Did you know that a lot of your arguments with your partner could be avoided if you knew their love language? Thanks to Gary Chapman’s Five Love Languages, couples all over the world have been able to analyze how they give and receive love. In this article, we’re going to be talking about the physical touch love language, and it’s not all about sex! Physical touch, such as hugs and cuddles, releases the feel-good hormone oxytocin and can even boost your immunity—all the more reason to snuggle up to your beau or sweetheart. If you love to be close to your partner and crave their warm hugs, your love language might just be physical touch. If your way of showing your partner you love them is a caress or a kiss, your love language might be physical touch.
Signs your love language is physical touch
- You’re a ‘touchy’ person; you love to cuddle, snuggle, kiss, and caress your partner.
- You feel loved when your partner wants to be physically close to you, hug you, kiss you, etc.
- You might feel rejected when your partner doesn’t express love through touch.
- You love to hold hands in public.
- When you’re stressed out, there’s nothing better than your partner’s hugs or caresses.
- Your partner doesn’t have to say ‘I love you to make you feel loved.
Sex vs physical touch love language
Just because someone’s love language is physical touch doesn’t mean that they’re all about sex. However, they might value sex as a way to connect to their partner. By the same token, just because someone’s love language is not physical touch doesn’t mean that they don’t value sex or want to have a lot of sex. Most of the ways someone with a physical love language likes to express and receive love are actually non-intimate.
Ways to express love with non-intimate physical touch
Although non-intimate touch can lead to intimacy, it doesn’t have to. Some of the best ways you can be physically close to your partner are through non-intimate physical touch, such as sitting close to each other on the couch, hugging, touching their hair, rubbing their back, and even play fighting!
Tips for expressing love through physical touch
- Spontaneity: It’s great having a partner who understands how you receive love and acts on it. It’s even better when they do it spontaneously! Next time they’re doing the dishes, wrap your arms around them and kiss their neck and shoulders. When they’re lying on you on the couch, take the opportunity to run your fingers through their hair or rub their back. If they’re resting their feet on you, give them a foot massage. Be creative!

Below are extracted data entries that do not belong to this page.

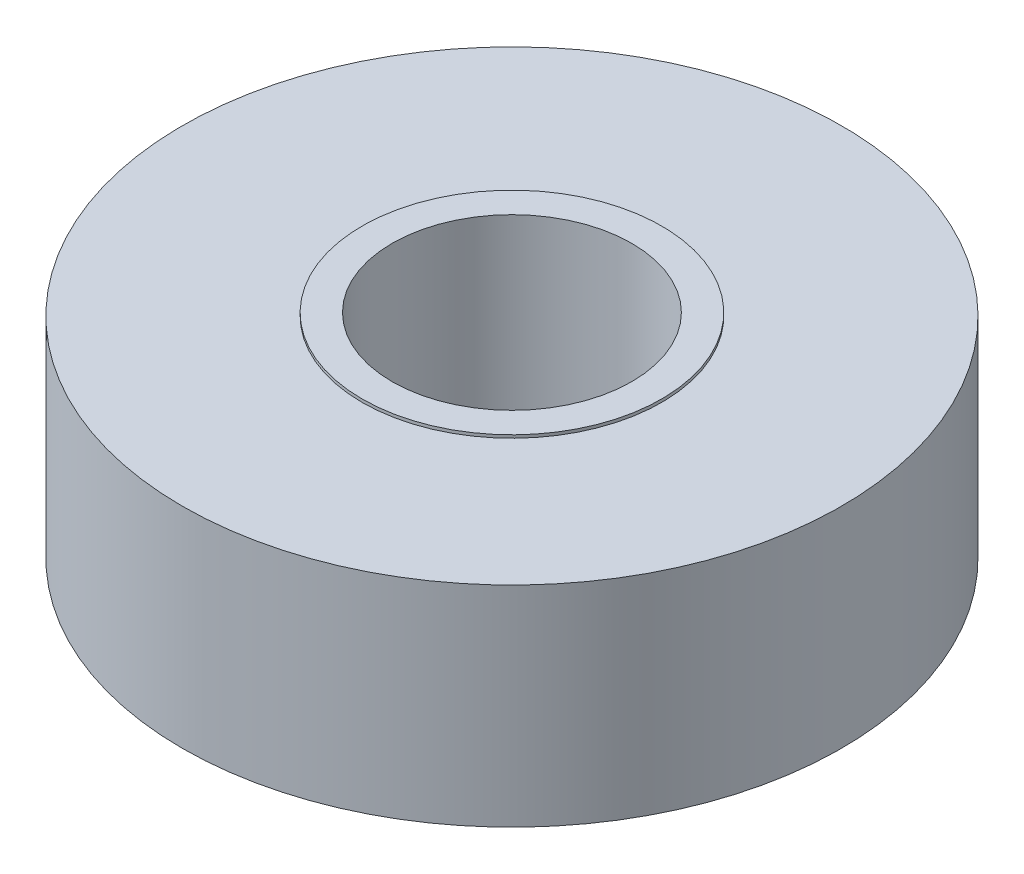
ISO-10303-21;
HEADER;
FILE_DESCRIPTION(('STEP AP214'),'2;1');
FILE_NAME('part.step','',(''),(''),'','','');
FILE_SCHEMA(('AUTOMOTIVE_DESIGN { 1 0 10303 214 1 1 1 1 }'));
ENDSEC;
DATA;
#1=APPLICATION_CONTEXT('core data for automotive mechanical design processes');
#2=APPLICATION_PROTOCOL_DEFINITION('international standard','automotive_design',2000,#1);
#3=PRODUCT_CONTEXT('',#1,'mechanical');
#4=PRODUCT('Part','Part','',(#3));
#5=PRODUCT_RELATED_PRODUCT_CATEGORY('part','',(#4));
#6=PRODUCT_DEFINITION_FORMATION('','',#4);
#7=PRODUCT_DEFINITION_CONTEXT('part definition',#1,'design');
#8=PRODUCT_DEFINITION('design','',#6,#7);
#9=PRODUCT_DEFINITION_SHAPE('','',#8);
#10=(LENGTH_UNIT() NAMED_UNIT(*) SI_UNIT(.MILLI.,.METRE.));
#11=(NAMED_UNIT(*) PLANE_ANGLE_UNIT() SI_UNIT($,.RADIAN.));
#12=(NAMED_UNIT(*) SI_UNIT($,.STERADIAN.) SOLID_ANGLE_UNIT());
#13=UNCERTAINTY_MEASURE_WITH_UNIT(LENGTH_MEASURE(1.E-05),#10,'distance_accuracy_value','');
#14=(GEOMETRIC_REPRESENTATION_CONTEXT(3) GLOBAL_UNCERTAINTY_ASSIGNED_CONTEXT((#13)) GLOBAL_UNIT_ASSIGNED_CONTEXT((#10,
#11,#12)) REPRESENTATION_CONTEXT('',''));
#15=CARTESIAN_POINT('',(0.,0.,0.));
#16=DIRECTION('',(0.,0.,1.));
#17=DIRECTION('',(1.,0.,0.));
#18=AXIS2_PLACEMENT_3D('',#15,#16,#17);
#19=CARTESIAN_POINT('',(0.,3.5,0.));
#20=DIRECTION('',(0.,1.,0.));
#21=DIRECTION('',(0.,0.,1.));
#22=AXIS2_PLACEMENT_3D('',#19,#20,#21);
#23=PLANE('',#22);
#24=CARTESIAN_POINT('',(0.,3.5,0.));
#25=DIRECTION('',(0.,1.,0.));
#26=DIRECTION('',(0.,0.,1.));
#27=AXIS2_PLACEMENT_3D('',#24,#25,#26);
#28=CIRCLE('',#27,11.);
#29=CARTESIAN_POINT('',(0.,3.5,11.));
#30=VERTEX_POINT('',#29);
#31=EDGE_CURVE('E38',#30,#30,#28,.T.);
#32=ORIENTED_EDGE('',*,*,#31,.T.);
#33=EDGE_LOOP('',(#32));
#34=FACE_BOUND('',#33,.T.);
#35=CARTESIAN_POINT('',(0.,3.5,0.));
#36=DIRECTION('',(0.,1.,0.));
#37=DIRECTION('',(0.,0.,1.));
#38=AXIS2_PLACEMENT_3D('',#35,#36,#37);
#39=CIRCLE('',#38,5.);
#40=CARTESIAN_POINT('',(0.,3.5,5.));
#41=VERTEX_POINT('',#40);
#42=EDGE_CURVE('E47',#41,#41,#39,.F.);
#43=ORIENTED_EDGE('',*,*,#42,.T.);
#44=EDGE_LOOP('',(#43));
#45=FACE_BOUND('',#44,.T.);
#46=ADVANCED_FACE('F31',(#34,#45),#23,.T.);
#47=CARTESIAN_POINT('',(0.,-3.5,0.));
#48=DIRECTION('',(0.,1.,0.));
#49=DIRECTION('',(0.,0.,1.));
#50=AXIS2_PLACEMENT_3D('',#47,#48,#49);
#51=PLANE('',#50);
#52=CARTESIAN_POINT('',(0.,-3.5,0.));
#53=DIRECTION('',(0.,1.,0.));
#54=DIRECTION('',(0.,0.,1.));
#55=AXIS2_PLACEMENT_3D('',#52,#53,#54);
#56=CIRCLE('',#55,11.);
#57=CARTESIAN_POINT('',(0.,-3.5,11.));
#58=VERTEX_POINT('',#57);
#59=EDGE_CURVE('E42',#58,#58,#56,.T.);
#60=ORIENTED_EDGE('',*,*,#59,.F.);
#61=EDGE_LOOP('',(#60));
#62=FACE_BOUND('',#61,.T.);
#63=CARTESIAN_POINT('',(0.,-3.5,0.));
#64=DIRECTION('',(0.,1.,0.));
#65=DIRECTION('',(0.,0.,1.));
#66=AXIS2_PLACEMENT_3D('',#63,#64,#65);
#67=CIRCLE('',#66,5.);
#68=CARTESIAN_POINT('',(0.,-3.5,5.));
#69=VERTEX_POINT('',#68);
#70=EDGE_CURVE('E10',#69,#69,#67,.F.);
#71=ORIENTED_EDGE('',*,*,#70,.F.);
#72=EDGE_LOOP('',(#71));
#73=FACE_BOUND('',#72,.T.);
#74=ADVANCED_FACE('F83',(#62,#73),#51,.F.);
#75=CARTESIAN_POINT('',(0.,3.5,0.));
#76=DIRECTION('',(0.,-1.,0.));
#77=DIRECTION('',(0.,0.,-1.));
#78=AXIS2_PLACEMENT_3D('',#75,#76,#77);
#79=CYLINDRICAL_SURFACE('',#78,11.);
#80=ORIENTED_EDGE('',*,*,#31,.F.);
#81=EDGE_LOOP('',(#80));
#82=FACE_BOUND('',#81,.T.);
#83=ORIENTED_EDGE('',*,*,#59,.T.);
#84=EDGE_LOOP('',(#83));
#85=FACE_BOUND('',#84,.T.);
#86=ADVANCED_FACE('F33',(#82,#85),#79,.T.);
#87=CARTESIAN_POINT('',(0.,3.6,0.));
#88=DIRECTION('',(0.,-1.,0.));
#89=DIRECTION('',(0.,0.,-1.));
#90=AXIS2_PLACEMENT_3D('',#87,#88,#89);
#91=CYLINDRICAL_SURFACE('',#90,5.);
#92=CARTESIAN_POINT('',(0.,-3.6,0.));
#93=DIRECTION('',(0.,1.,0.));
#94=DIRECTION('',(0.,0.,1.));
#95=AXIS2_PLACEMENT_3D('',#92,#93,#94);
#96=CIRCLE('',#95,5.);
#97=CARTESIAN_POINT('',(0.,-3.6,5.));
#98=VERTEX_POINT('',#97);
#99=EDGE_CURVE('E52',#98,#98,#96,.T.);
#100=ORIENTED_EDGE('',*,*,#99,.T.);
#101=EDGE_LOOP('',(#100));
#102=FACE_BOUND('',#101,.T.);
#103=ORIENTED_EDGE('',*,*,#70,.T.);
#104=EDGE_LOOP('',(#103));
#105=FACE_BOUND('',#104,.T.);
#106=ADVANCED_FACE('F77',(#102,#105),#91,.T.);
#107=CARTESIAN_POINT('',(0.,-3.6,0.));
#108=DIRECTION('',(0.,1.,0.));
#109=DIRECTION('',(0.,0.,1.));
#110=AXIS2_PLACEMENT_3D('',#107,#108,#109);
#111=PLANE('',#110);
#112=ORIENTED_EDGE('',*,*,#99,.F.);
#113=EDGE_LOOP('',(#112));
#114=FACE_BOUND('',#113,.T.);
#115=CARTESIAN_POINT('',(0.,-3.6,0.));
#116=DIRECTION('',(0.,1.,0.));
#117=DIRECTION('',(0.,0.,1.));
#118=AXIS2_PLACEMENT_3D('',#115,#116,#117);
#119=CIRCLE('',#118,4.);
#120=CARTESIAN_POINT('',(0.,-3.6,4.));
#121=VERTEX_POINT('',#120);
#122=EDGE_CURVE('E58',#121,#121,#119,.T.);
#123=ORIENTED_EDGE('',*,*,#122,.T.);
#124=EDGE_LOOP('',(#123));
#125=FACE_BOUND('',#124,.T.);
#126=ADVANCED_FACE('F78',(#114,#125),#111,.F.);
#127=CARTESIAN_POINT('',(0.,3.5,0.));
#128=DIRECTION('',(0.,-1.,0.));
#129=DIRECTION('',(0.,0.,-1.));
#130=AXIS2_PLACEMENT_3D('',#127,#128,#129);
#131=CYLINDRICAL_SURFACE('',#130,4.);
#132=ORIENTED_EDGE('',*,*,#122,.F.);
#133=EDGE_LOOP('',(#132));
#134=FACE_BOUND('',#133,.T.);
#135=CARTESIAN_POINT('',(0.,3.6,0.));
#136=DIRECTION('',(0.,1.,0.));
#137=DIRECTION('',(0.,0.,1.));
#138=AXIS2_PLACEMENT_3D('',#135,#136,#137);
#139=CIRCLE('',#138,4.);
#140=CARTESIAN_POINT('',(0.,3.6,4.));
#141=VERTEX_POINT('',#140);
#142=EDGE_CURVE('E55',#141,#141,#139,.T.);
#143=ORIENTED_EDGE('',*,*,#142,.T.);
#144=EDGE_LOOP('',(#143));
#145=FACE_BOUND('',#144,.T.);
#146=ADVANCED_FACE('F64',(#134,#145),#131,.F.);
#147=CARTESIAN_POINT('',(0.,3.6,0.));
#148=DIRECTION('',(0.,1.,0.));
#149=DIRECTION('',(0.,0.,1.));
#150=AXIS2_PLACEMENT_3D('',#147,#148,#149);
#151=PLANE('',#150);
#152=CARTESIAN_POINT('',(0.,3.6,0.));
#153=DIRECTION('',(0.,1.,0.));
#154=DIRECTION('',(0.,0.,1.));
#155=AXIS2_PLACEMENT_3D('',#152,#153,#154);
#156=CIRCLE('',#155,5.);
#157=CARTESIAN_POINT('',(0.,3.6,5.));
#158=VERTEX_POINT('',#157);
#159=EDGE_CURVE('E51',#158,#158,#156,.T.);
#160=ORIENTED_EDGE('',*,*,#159,.T.);
#161=EDGE_LOOP('',(#160));
#162=FACE_BOUND('',#161,.T.);
#163=ORIENTED_EDGE('',*,*,#142,.F.);
#164=EDGE_LOOP('',(#163));
#165=FACE_BOUND('',#164,.T.);
#166=ADVANCED_FACE('F66',(#162,#165),#151,.T.);
#167=ORIENTED_EDGE('',*,*,#42,.F.);
#168=EDGE_LOOP('',(#167));
#169=FACE_BOUND('',#168,.T.);
#170=ORIENTED_EDGE('',*,*,#159,.F.);
#171=EDGE_LOOP('',(#170));
#172=FACE_BOUND('',#171,.T.);
#173=ADVANCED_FACE('F68',(#169,#172),#91,.T.);
#174=CLOSED_SHELL('',(#46,#74,#86,#106,#126,#146,#166,#173));
#175=MANIFOLD_SOLID_BREP('B2',#174);
#176=ADVANCED_BREP_SHAPE_REPRESENTATION('',(#18,#175),#14);
#177=SHAPE_DEFINITION_REPRESENTATION(#9,#176);
ENDSEC;
END-ISO-10303-21;

- Ask your partner what they like: If you and your partner have different love languages, it can be difficult to know what they specifically like within their love language. So if in doubt, ask them! If your partner has the physical touch love language, ask them what their favorite physical touches are. They might love cuddling but hate being massaged. Everyone is different!
- Don’t overdo it: Just because someone’s love language is physical touch, you don’t have to make that the only love language between you. Your partner might love physical touch, but they might also appreciate a few words of affirmation now and again. Mix it up.
- Be Genuine: Be genuine as you provide your partner with physical showcases of your love and affection. Don’t just hold them because you think you have to hold them, but hold them because deep down, you want to feel their body and soul closer to yours. Trust us; if your partner’s love language is the physical touch love language, they will easily be able to differentiate between genuine and non-genuine physical affection.
“Help! My love language is physical touch, but my partner’s isn’t!”
If this is you, don’t be concerned. Everybody is different, so it’s actually more likely that your partner will have a different love language than you than have the same one. The theory of The Five Love Languages is a great tool to use to find out how you both give and receive love, to understand your partner more and what they need. So by knowing that your love language is physical touch, your partner can adjust how they express love to you. Sometimes it can take some adjusting when you’re not used to expressing love in a certain way. But if your partner really cares about you and wants your relationship to work out, they will want to make you feel loved in the way you feel love.
How to work out your love language …
- Go to www.5lovelanguages.com
- Do The Love Language™ Quiz to find out your love language. The result will show a percentage for all the love languages. The highest one is your main love language. But take note of the other ones. It can be an interesting combination!
- Read up on your love language. If doing this as a couple, it’s best to do the quiz together and read up on each other’s love languages together.
- Use your results to be mindful in how you express love in your relationship.
Final word …
Knowing your partner’s love language is key to making them feel loved and understanding them on a deep level. It might also prevent a misunderstanding or two! If you or your partner’s love language is physical touch, remember that this doesn’t just mean sexual intimacy. It can be anything from sitting close to each other on the couch to kissing to spontaneously hugging your partner. The key to getting it right is communicating with your partner. If there is something specific that makes you feel loved, tell your partner. So many arguments occur in relationships due to partners assuming that their partner can read their minds. But this is no science fiction movie. How can your partner know how you feel loved if you don’t tell them? Stop assuming your partner knows how to express love to you and do The Five Love Languages Quiz! You won’t regret it!